It’s 30 years since Michael Buerke’s
harrowing report of a ‘biblical famine’ reached BBC TV screens.
Following a year of cynical government inaction and silence, Bob
Geldof launched a frenzied celebrity campaign to get aid to the
famine-hit regions.
Money from the public, if not the
government, poured into the country. But in the process, the politics
of what was happening in Ethiopia was completely erased, and our
ideas of ‘charity’, ‘hunger’ and indeed ‘Africa’, were
changed in fundamental ways which to this day are difficult to
challenge.
The BBC
remains proud of its reporting of Ethiopia’s famine, and
certainly it directed public attention to a horrific situation. But
it did this at the price of understanding what was really
happening in Ethiopia, a problem compounded by Bob Geldof who
insisted on seeing the famine as a terrible ‘natural disaster’.
In fact Ethiopia’s authoritarian
government under Mengistu Haile Mariam, heavily armed by the Soviet
Union as a key proxy player in the Cold War, was waging a war against
Eritrean and Tigrayan freedom fighters. Drought was being used by
Mengistu as one tool to starve and defeat the rebel areas.
Yet when aid started flowing in, it
largely went to the Ethiopian government itself, which further used
that aid to forcibly displace thousands of opponents. In an excellent
article for the Guardian yesterday, former BBC
journalist Suzanne Franks makes clear just how problematic the
aid effort was:
“Victims of famine were lured into
feeding camps only to be forced on to planes and transported far away
from their homes. Some estimate the number of deaths from this policy
to be higher than those from famine.”
As Franks says, Médecins sans
Frontières refused to play along – a principled position they have
maintained in humanitarian emergencies ever since. War on Want sent
aid directly to rebel areas, where it was administered by the rebel
infrastructures and senior Labour Party figures like Glenys Kinnock
continued to support the Eritrean People’s Liberation Front and
expose the horrific circumstances they were facing.
But by and large, aid agencies played
along with the politics as the best chance they had of getting aid
in. Indeed, the Ethiopian famine played a huge role in the enormous
growth of the aid industry over the next few years.
Unfortunately, I’m not convinced that
such a situation would be tackled more honestly today. Partly that’s
because the way Ethiopia was treated fundamentally shaped the way we
view Africa. Our idea of starving Ethiopians – helpless, passive
and in desperate need of Western salvation – became our image of
Africa as a whole. Media and governments played a role, but the
biggest culprit was the aid organisations themselves, who understood
it was untruthful, but found it an incredibly successful way of
raising money.
In a report commissioned several years
ago called ‘Finding
Frames’, researchers found that this framing of Africa –
what they describe as the ‘Live Aid’ legacy – remains
incredibly strong today.
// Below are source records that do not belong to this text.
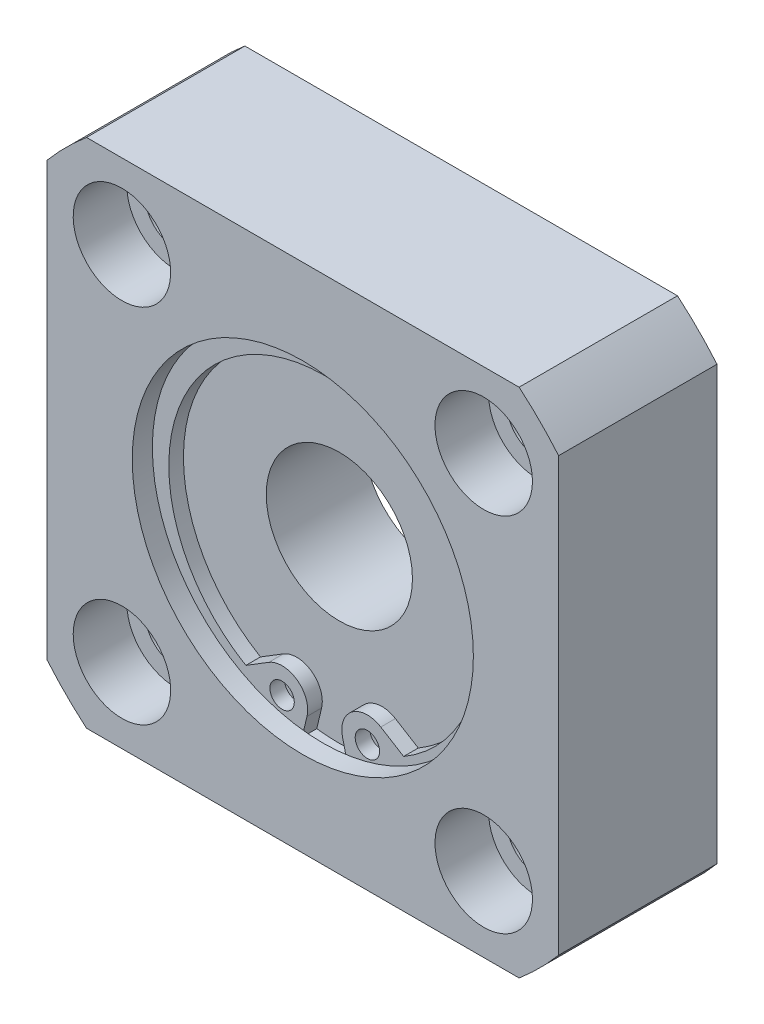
ISO-10303-21;
HEADER;
FILE_DESCRIPTION(('STEP AP214'),'2;1');
FILE_NAME('part.step','',(''),(''),'','','');
FILE_SCHEMA(('AUTOMOTIVE_DESIGN { 1 0 10303 214 1 1 1 1 }'));
ENDSEC;
DATA;
#1=APPLICATION_CONTEXT('core data for automotive mechanical design processes');
#2=APPLICATION_PROTOCOL_DEFINITION('international standard','automotive_design',2000,#1);
#3=PRODUCT_CONTEXT('',#1,'mechanical');
#4=PRODUCT('Part','Part','',(#3));
#5=PRODUCT_RELATED_PRODUCT_CATEGORY('part','',(#4));
#6=PRODUCT_DEFINITION_FORMATION('','',#4);
#7=PRODUCT_DEFINITION_CONTEXT('part definition',#1,'design');
#8=PRODUCT_DEFINITION('design','',#6,#7);
#9=PRODUCT_DEFINITION_SHAPE('','',#8);
#10=(LENGTH_UNIT() NAMED_UNIT(*) SI_UNIT(.MILLI.,.METRE.));
#11=(NAMED_UNIT(*) PLANE_ANGLE_UNIT() SI_UNIT($,.RADIAN.));
#12=(NAMED_UNIT(*) SI_UNIT($,.STERADIAN.) SOLID_ANGLE_UNIT());
#13=UNCERTAINTY_MEASURE_WITH_UNIT(LENGTH_MEASURE(1.E-05),#10,'distance_accuracy_value','');
#14=(GEOMETRIC_REPRESENTATION_CONTEXT(3) GLOBAL_UNCERTAINTY_ASSIGNED_CONTEXT((#13)) GLOBAL_UNIT_ASSIGNED_CONTEXT((#10,
#11,#12)) REPRESENTATION_CONTEXT('',''));
#15=CARTESIAN_POINT('',(0.,0.,0.));
#16=DIRECTION('',(0.,0.,1.));
#17=DIRECTION('',(1.,0.,0.));
#18=AXIS2_PLACEMENT_3D('',#15,#16,#17);
#19=CARTESIAN_POINT('',(0.,0.,10.));
#20=DIRECTION('',(0.,0.,1.));
#21=DIRECTION('',(1.,0.,0.));
#22=AXIS2_PLACEMENT_3D('',#19,#20,#21);
#23=PLANE('',#22);
#24=CARTESIAN_POINT('',(3.5,-12.4249666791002,10.));
#25=DIRECTION('',(0.,0.,1.));
#26=DIRECTION('',(1.,0.,0.));
#27=AXIS2_PLACEMENT_3D('',#24,#25,#26);
#28=CIRCLE('',#27,1.);
#29=CARTESIAN_POINT('',(4.5,-12.4249666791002,10.));
#30=VERTEX_POINT('',#29);
#31=EDGE_CURVE('E182',#30,#30,#28,.T.);
#32=ORIENTED_EDGE('',*,*,#31,.T.);
#33=EDGE_LOOP('',(#32));
#34=FACE_BOUND('',#33,.T.);
#35=ADVANCED_FACE('F14',(#34),#23,.T.);
#36=CARTESIAN_POINT('',(-3.5,-12.4249666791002,10.));
#37=DIRECTION('',(0.,0.,-1.));
#38=DIRECTION('',(1.,0.,0.));
#39=AXIS2_PLACEMENT_3D('',#36,#37,#38);
#40=CIRCLE('',#39,1.);
#41=CARTESIAN_POINT('',(-2.5,-12.4249666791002,10.));
#42=VERTEX_POINT('',#41);
#43=EDGE_CURVE('E174',#42,#42,#40,.T.);
#44=ORIENTED_EDGE('',*,*,#43,.F.);
#45=EDGE_LOOP('',(#44));
#46=FACE_BOUND('',#45,.T.);
#47=ADVANCED_FACE('F387',(#46),#23,.T.);
#48=CARTESIAN_POINT('',(14.8492424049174,14.8492424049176,8.6));
#49=DIRECTION('',(0.,0.,1.));
#50=DIRECTION('',(1.,0.,0.));
#51=AXIS2_PLACEMENT_3D('',#48,#49,#50);
#52=PLANE('',#51);
#53=CARTESIAN_POINT('',(14.8492424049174,14.8492424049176,8.6));
#54=DIRECTION('',(0.,0.,1.));
#55=DIRECTION('',(1.,0.,0.));
#56=AXIS2_PLACEMENT_3D('',#53,#54,#55);
#57=CIRCLE('',#56,4.);
#58=CARTESIAN_POINT('',(18.8492424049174,14.8492424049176,8.6));
#59=VERTEX_POINT('',#58);
#60=EDGE_CURVE('E284',#59,#59,#57,.T.);
#61=ORIENTED_EDGE('',*,*,#60,.T.);
#62=EDGE_LOOP('',(#61));
#63=FACE_BOUND('',#62,.T.);
#64=CARTESIAN_POINT('',(14.8492424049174,14.8492424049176,8.6));
#65=DIRECTION('',(0.,0.,1.));
#66=DIRECTION('',(1.,0.,0.));
#67=AXIS2_PLACEMENT_3D('',#64,#65,#66);
#68=CIRCLE('',#67,2.5);
#69=CARTESIAN_POINT('',(17.3492424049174,14.8492424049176,8.6));
#70=VERTEX_POINT('',#69);
#71=EDGE_CURVE('E287',#70,#70,#68,.F.);
#72=ORIENTED_EDGE('',*,*,#71,.T.);
#73=EDGE_LOOP('',(#72));
#74=FACE_BOUND('',#73,.T.);
#75=ADVANCED_FACE('F395',(#63,#74),#52,.T.);
#76=CARTESIAN_POINT('',(14.8492424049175,-14.8492424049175,8.6));
#77=DIRECTION('',(0.,0.,1.));
#78=DIRECTION('',(0.,-1.,0.));
#79=AXIS2_PLACEMENT_3D('',#76,#77,#78);
#80=PLANE('',#79);
#81=CARTESIAN_POINT('',(14.8492424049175,-14.8492424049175,8.6));
#82=DIRECTION('',(0.,0.,1.));
#83=DIRECTION('',(0.,-1.,0.));
#84=AXIS2_PLACEMENT_3D('',#81,#82,#83);
#85=CIRCLE('',#84,4.);
#86=CARTESIAN_POINT('',(14.8492424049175,-18.8492424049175,8.6));
#87=VERTEX_POINT('',#86);
#88=EDGE_CURVE('E268',#87,#87,#85,.T.);
#89=ORIENTED_EDGE('',*,*,#88,.T.);
#90=EDGE_LOOP('',(#89));
#91=FACE_BOUND('',#90,.T.);
#92=CARTESIAN_POINT('',(14.8492424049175,-14.8492424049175,8.6));
#93=DIRECTION('',(0.,0.,1.));
#94=DIRECTION('',(1.,0.,0.));
#95=AXIS2_PLACEMENT_3D('',#92,#93,#94);
#96=CIRCLE('',#95,2.5);
#97=CARTESIAN_POINT('',(17.3492424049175,-14.8492424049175,8.6));
#98=VERTEX_POINT('',#97);
#99=EDGE_CURVE('E271',#98,#98,#96,.F.);
#100=ORIENTED_EDGE('',*,*,#99,.T.);
#101=EDGE_LOOP('',(#100));
#102=FACE_BOUND('',#101,.T.);
#103=ADVANCED_FACE('F826',(#91,#102),#80,.T.);
#104=CARTESIAN_POINT('',(-14.8492424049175,-14.8492424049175,8.6));
#105=DIRECTION('',(0.,0.,1.));
#106=DIRECTION('',(-1.,0.,0.));
#107=AXIS2_PLACEMENT_3D('',#104,#105,#106);
#108=PLANE('',#107);
#109=CARTESIAN_POINT('',(-14.8492424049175,-14.8492424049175,8.6));
#110=DIRECTION('',(0.,0.,1.));
#111=DIRECTION('',(-1.,0.,0.));
#112=AXIS2_PLACEMENT_3D('',#109,#110,#111);
#113=CIRCLE('',#112,4.);
#114=CARTESIAN_POINT('',(-18.8492424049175,-14.8492424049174,8.6));
#115=VERTEX_POINT('',#114);
#116=EDGE_CURVE('E261',#115,#115,#113,.T.);
#117=ORIENTED_EDGE('',*,*,#116,.T.);
#118=EDGE_LOOP('',(#117));
#119=FACE_BOUND('',#118,.T.);
#120=CARTESIAN_POINT('',(-14.8492424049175,-14.8492424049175,8.6));
#121=DIRECTION('',(0.,0.,1.));
#122=DIRECTION('',(1.,0.,0.));
#123=AXIS2_PLACEMENT_3D('',#120,#121,#122);
#124=CIRCLE('',#123,2.5);
#125=CARTESIAN_POINT('',(-12.3492424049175,-14.8492424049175,8.6));
#126=VERTEX_POINT('',#125);
#127=EDGE_CURVE('E264',#126,#126,#124,.F.);
#128=ORIENTED_EDGE('',*,*,#127,.T.);
#129=EDGE_LOOP('',(#128));
#130=FACE_BOUND('',#129,.T.);
#131=ADVANCED_FACE('F816',(#119,#130),#108,.T.);
#132=CARTESIAN_POINT('',(-14.8492424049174,14.8492424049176,8.6));
#133=DIRECTION('',(0.,0.,1.));
#134=DIRECTION('',(0.,1.,0.));
#135=AXIS2_PLACEMENT_3D('',#132,#133,#134);
#136=PLANE('',#135);
#137=CARTESIAN_POINT('',(-14.8492424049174,14.8492424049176,8.6));
#138=DIRECTION('',(0.,0.,1.));
#139=DIRECTION('',(0.,1.,0.));
#140=AXIS2_PLACEMENT_3D('',#137,#138,#139);
#141=CIRCLE('',#140,4.);
#142=CARTESIAN_POINT('',(-14.8492424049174,18.8492424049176,8.6));
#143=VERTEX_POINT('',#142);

Swept away is the political context of
Africa – the decades of Empire and slavery through to structural
adjustment and debt crisis. Also ignored are the many examples of
African resistance and success – from the national liberation
governments of the 1950 through to Thomas Sankara’s transformation
of Burkina Faso up to 1987. Africa’s agency is marginalised.
The idea that we are a ‘Powerful
Giver’ to ‘Grateful Receiver’ continues to dominate the aid
discourse today, constantly
reinforced by some aid agencies who still insist of perpetuating
offensive imagery in order to raise funds.
It’s important
we use the anniversary of the Ethiopian famine not simply to show
‘how far Ethiopia has come’, after all Ethiopian civilisation
long precedes our own. Rather we should use it to review our image
of, and relationship towards Africa, and refuse to support those
organisations which still grow rich on the ‘Live Aid’ legacy.